# Mounting transducer on Caimen?



## mwolaver (Feb 6, 2014)

No experience with a Caimen....I see no way how that transducer works on the sponson. Is there no room inside? on the real transom? That is where, for example, an old bonefisher with sponsons would go....


----------



## backcast (Apr 9, 2013)

Transom view


----------



## backcast (Apr 9, 2013)




----------



## backcast (Apr 9, 2013)




----------



## GullsGoneWild (Dec 16, 2014)

I've got a shoot thru hull transducer on my Caimen. You may want to look at this option


----------



## Silent Drifter (Apr 29, 2021)

If that was mine id be tempted to put a thru hull in one of the the trim tabs, clean water would be the main concern even with the tab since it should be a touch above the bottom of hull if correctly installed.
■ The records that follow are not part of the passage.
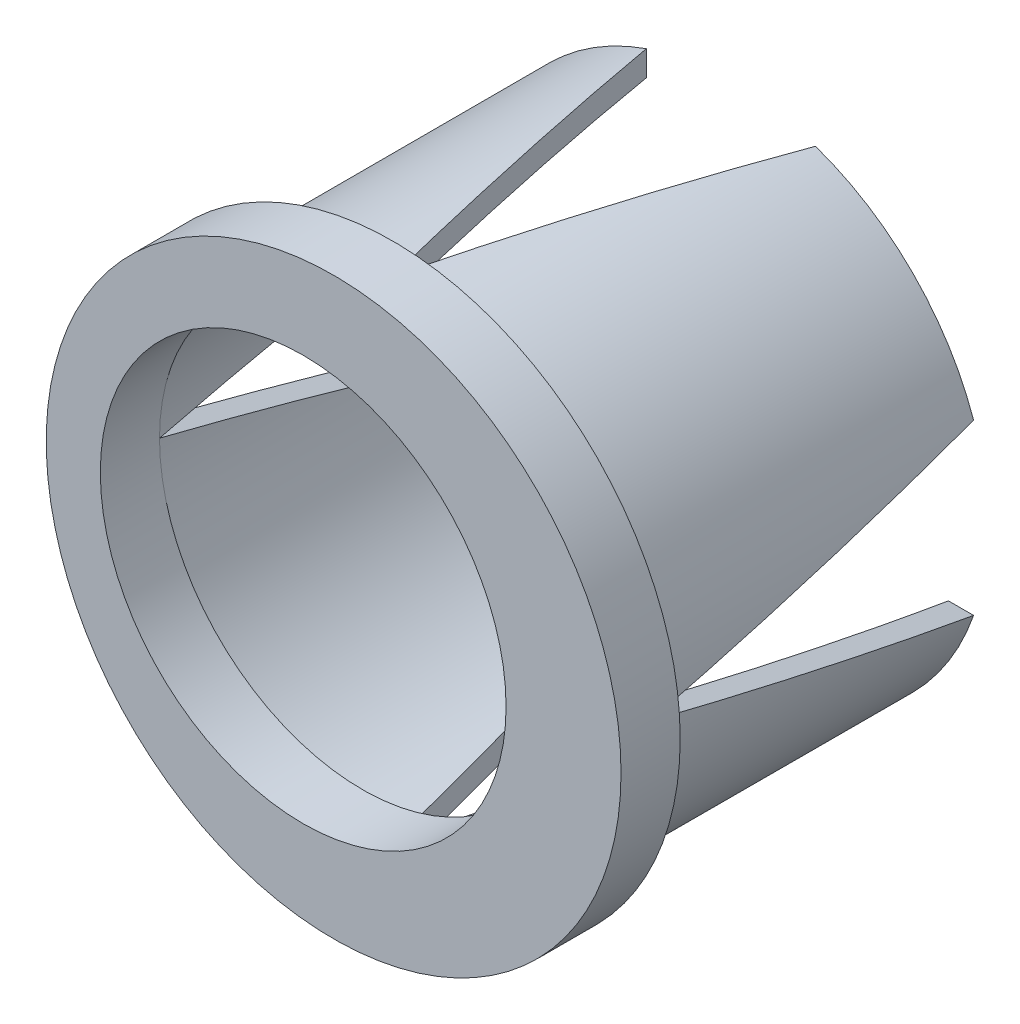
ISO-10303-21;
HEADER;
FILE_DESCRIPTION(('STEP AP214'),'2;1');
FILE_NAME('part.step','',(''),(''),'','','');
FILE_SCHEMA(('AUTOMOTIVE_DESIGN { 1 0 10303 214 1 1 1 1 }'));
ENDSEC;
DATA;
#1=APPLICATION_CONTEXT('core data for automotive mechanical design processes');
#2=APPLICATION_PROTOCOL_DEFINITION('international standard','automotive_design',2000,#1);
#3=PRODUCT_CONTEXT('',#1,'mechanical');
#4=PRODUCT('Part','Part','',(#3));
#5=PRODUCT_RELATED_PRODUCT_CATEGORY('part','',(#4));
#6=PRODUCT_DEFINITION_FORMATION('','',#4);
#7=PRODUCT_DEFINITION_CONTEXT('part definition',#1,'design');
#8=PRODUCT_DEFINITION('design','',#6,#7);
#9=PRODUCT_DEFINITION_SHAPE('','',#8);
#10=(LENGTH_UNIT() NAMED_UNIT(*) SI_UNIT(.MILLI.,.METRE.));
#11=(NAMED_UNIT(*) PLANE_ANGLE_UNIT() SI_UNIT($,.RADIAN.));
#12=(NAMED_UNIT(*) SI_UNIT($,.STERADIAN.) SOLID_ANGLE_UNIT());
#13=UNCERTAINTY_MEASURE_WITH_UNIT(LENGTH_MEASURE(1.E-05),#10,'distance_accuracy_value','');
#14=(GEOMETRIC_REPRESENTATION_CONTEXT(3) GLOBAL_UNCERTAINTY_ASSIGNED_CONTEXT((#13)) GLOBAL_UNIT_ASSIGNED_CONTEXT((#10,
#11,#12)) REPRESENTATION_CONTEXT('',''));
#15=CARTESIAN_POINT('',(0.,0.,0.));
#16=DIRECTION('',(0.,0.,1.));
#17=DIRECTION('',(1.,0.,0.));
#18=AXIS2_PLACEMENT_3D('',#15,#16,#17);
#19=CARTESIAN_POINT('',(0.,0.,-12.7));
#20=DIRECTION('',(0.,0.,1.));
#21=DIRECTION('',(1.,0.,0.));
#22=AXIS2_PLACEMENT_3D('',#19,#20,#21);
#23=CYLINDRICAL_SURFACE('',#22,8.763);
#24=CARTESIAN_POINT('',(0.,0.,0.));
#25=DIRECTION('',(0.,0.970142500145332,-0.242535625036333));
#26=DIRECTION('',(0.,0.242535625036333,0.970142500145332));
#27=AXIS2_PLACEMENT_3D('',#24,#25,#26);
#28=ELLIPSE('',#27,36.1307745972876,8.763);
#29=CARTESIAN_POINT('',(-8.763,0.,0.));
#30=VERTEX_POINT('',#29);
#31=CARTESIAN_POINT('',(-8.16759107693327,-3.175,-12.7));
#32=VERTEX_POINT('',#31);
#33=EDGE_CURVE('E239',#30,#32,#28,.F.);
#34=ORIENTED_EDGE('',*,*,#33,.F.);
#35=CARTESIAN_POINT('',(0.,0.,0.));
#36=DIRECTION('',(0.,0.,1.));
#37=DIRECTION('',(1.,0.,0.));
#38=AXIS2_PLACEMENT_3D('',#35,#36,#37);
#39=CIRCLE('',#38,8.763);
#40=CARTESIAN_POINT('',(0.,-8.763,0.));
#41=VERTEX_POINT('',#40);
#42=EDGE_CURVE('E208',#30,#41,#39,.T.);
#43=ORIENTED_EDGE('',*,*,#42,.T.);
#44=CARTESIAN_POINT('',(0.,0.,0.));
#45=DIRECTION('',(0.970142500145332,0.,-0.242535625036333));
#46=DIRECTION('',(0.242535625036333,0.,0.970142500145332));
#47=AXIS2_PLACEMENT_3D('',#44,#45,#46);
#48=ELLIPSE('',#47,36.1307745972876,8.763);
#49=CARTESIAN_POINT('',(-3.175,-8.16759107693327,-12.7));
#50=VERTEX_POINT('',#49);
#51=EDGE_CURVE('E227',#50,#41,#48,.F.);
#52=ORIENTED_EDGE('',*,*,#51,.F.);
#53=CARTESIAN_POINT('',(0.,0.,-12.7));
#54=DIRECTION('',(0.,0.,1.));
#55=DIRECTION('',(1.,0.,0.));
#56=AXIS2_PLACEMENT_3D('',#53,#54,#55);
#57=CIRCLE('',#56,8.763);
#58=EDGE_CURVE('E165',#32,#50,#57,.T.);
#59=ORIENTED_EDGE('',*,*,#58,.F.);
#60=EDGE_LOOP('',(#34,#43,#52,#59));
#61=FACE_BOUND('',#60,.T.);
#62=ADVANCED_FACE('F45',(#61),#23,.F.);
#63=CARTESIAN_POINT('',(0.,0.,0.));
#64=DIRECTION('',(0.,-0.970142500145332,-0.242535625036333));
#65=DIRECTION('',(0.,-0.242535625036333,0.970142500145332));
#66=AXIS2_PLACEMENT_3D('',#63,#64,#65);
#67=ELLIPSE('',#66,36.1307745972876,8.763);
#68=CARTESIAN_POINT('',(-8.16759107693327,3.175,-12.7));
#69=VERTEX_POINT('',#68);
#70=EDGE_CURVE('E247',#69,#30,#67,.F.);
#71=ORIENTED_EDGE('',*,*,#70,.F.);
#72=CARTESIAN_POINT('',(-3.175,8.16759107693327,-12.7));
#73=VERTEX_POINT('',#72);
#74=EDGE_CURVE('E159',#73,#69,#57,.T.);
#75=ORIENTED_EDGE('',*,*,#74,.F.);
#76=CARTESIAN_POINT('',(0.,8.763,0.));
#77=VERTEX_POINT('',#76);
#78=EDGE_CURVE('E221',#77,#73,#48,.F.);
#79=ORIENTED_EDGE('',*,*,#78,.F.);
#80=EDGE_CURVE('E215',#77,#30,#39,.T.);
#81=ORIENTED_EDGE('',*,*,#80,.T.);
#82=EDGE_LOOP('',(#71,#75,#79,#81));
#83=FACE_BOUND('',#82,.T.);
#84=ADVANCED_FACE('F301',(#83),#23,.F.);
#85=CARTESIAN_POINT('',(0.,0.,0.));
#86=DIRECTION('',(0.,0.970142500145332,-0.242535625036333));
#87=DIRECTION('',(0.,0.242535625036333,0.970142500145332));
#88=AXIS2_PLACEMENT_3D('',#85,#86,#87);
#89=ELLIPSE('',#88,36.1307745972876,8.763);
#90=CARTESIAN_POINT('',(8.16759107693327,-3.175,-12.7));
#91=VERTEX_POINT('',#90);
#92=CARTESIAN_POINT('',(8.763,0.,0.));
#93=VERTEX_POINT('',#92);
#94=EDGE_CURVE('E241',#91,#93,#89,.F.);
#95=ORIENTED_EDGE('',*,*,#94,.F.);
#96=CARTESIAN_POINT('',(3.175,-8.16759107693327,-12.7));
#97=VERTEX_POINT('',#96);
#98=EDGE_CURVE('E167',#97,#91,#57,.T.);
#99=ORIENTED_EDGE('',*,*,#98,.F.);
#100=CARTESIAN_POINT('',(0.,0.,0.));
#101=DIRECTION('',(-0.970142500145332,0.,-0.242535625036333));
#102=DIRECTION('',(-0.242535625036333,0.,0.970142500145332));
#103=AXIS2_PLACEMENT_3D('',#100,#101,#102);
#104=ELLIPSE('',#103,36.1307745972876,8.763);
#105=EDGE_CURVE('E192',#41,#97,#104,.F.);
#106=ORIENTED_EDGE('',*,*,#105,.F.);
#107=EDGE_CURVE('E211',#41,#93,#39,.T.);
#108=ORIENTED_EDGE('',*,*,#107,.T.);
#109=EDGE_LOOP('',(#95,#99,#106,#108));
#110=FACE_BOUND('',#109,.T.);
#111=ADVANCED_FACE('F264',(#110),#23,.F.);
#112=CARTESIAN_POINT('',(0.,0.,0.));
#113=DIRECTION('',(0.,-0.970142500145332,-0.242535625036333));
#114=DIRECTION('',(0.,-0.242535625036333,0.970142500145332));
#115=AXIS2_PLACEMENT_3D('',#112,#113,#114);
#116=ELLIPSE('',#115,36.1307745972876,8.763);
#117=CARTESIAN_POINT('',(8.16759107693327,3.175,-12.7));
#118=VERTEX_POINT('',#117);
#119=EDGE_CURVE('E68',#93,#118,#116,.F.);
#120=ORIENTED_EDGE('',*,*,#119,.F.);
#121=EDGE_CURVE('E212',#93,#77,#39,.T.);
#122=ORIENTED_EDGE('',*,*,#121,.T.);
#123=CARTESIAN_POINT('',(3.175,8.16759107693327,-12.7));
#124=VERTEX_POINT('',#123);
#125=EDGE_CURVE('E232',#124,#77,#104,.F.);
#126=ORIENTED_EDGE('',*,*,#125,.F.);
#127=EDGE_CURVE('E168',#118,#124,#57,.T.);
#128=ORIENTED_EDGE('',*,*,#127,.F.);
#129=EDGE_LOOP('',(#120,#122,#126,#128));
#130=FACE_BOUND('',#129,.T.);
#131=ADVANCED_FACE('F257',(#130),#23,.F.);
#132=CARTESIAN_POINT('',(0.,0.,-12.7));
#133=DIRECTION('',(0.,0.,1.));
#134=DIRECTION('',(1.,0.,0.));
#135=AXIS2_PLACEMENT_3D('',#132,#133,#134);
#136=CYLINDRICAL_SURFACE('',#135,9.652);
#137=CARTESIAN_POINT('',(0.,0.,0.));
#138=DIRECTION('',(0.,0.,1.));
#139=DIRECTION('',(1.,0.,0.));
#140=AXIS2_PLACEMENT_3D('',#137,#138,#139);
#141=CIRCLE('',#140,9.652);
#142=CARTESIAN_POINT('',(-9.652,0.,0.));
#143=VERTEX_POINT('',#142);
#144=CARTESIAN_POINT('',(0.,-9.652,0.));
#145=VERTEX_POINT('',#144);
#146=EDGE_CURVE('E202',#143,#145,#141,.T.);
#147=ORIENTED_EDGE('',*,*,#146,.F.);
#148=CARTESIAN_POINT('',(0.,0.,0.));
#149=DIRECTION('',(0.,0.970142500145332,-0.242535625036333));
#150=DIRECTION('',(0.,0.242535625036333,0.970142500145332));
#151=AXIS2_PLACEMENT_3D('',#148,#149,#150);
#152=ELLIPSE('',#151,39.7962154984617,9.652);
#153=CARTESIAN_POINT('',(-9.11484936792704,-3.175,-12.7));
#154=VERTEX_POINT('',#153);
#155=EDGE_CURVE('E181',#143,#154,#152,.F.);
#156=ORIENTED_EDGE('',*,*,#155,.T.);
#157=CARTESIAN_POINT('',(0.,0.,-12.7));
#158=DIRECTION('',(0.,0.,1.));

Or take a more positive action and do a in-hull mount ,lots of them report good reading at cruising speeds


----------



## Gervais (Nov 28, 2016)

Jack plate mount? Looks like a tight spot to work though.


----------



## Forcefed (Aug 5, 2016)

Just mount it as a shoot thru, there are several ways to do that but I had good success on a skiff with a shoot thru setup. Then you also never have to worry about the ducer getting hit or snagging bottom as a poking skiff.


----------



## K3anderson (Jan 23, 2013)

I'm going to agree with what the others here have said. I had one like yours mounts on the inside next to where your tunnel is and it was horrible. Constantly snagging on things or ripped up. I ended up pulling it off and adding the airmar through hull which works much better. Now that I have had it a few years, I should have just never put one on as I rarely ever even look at the depth, etc.


----------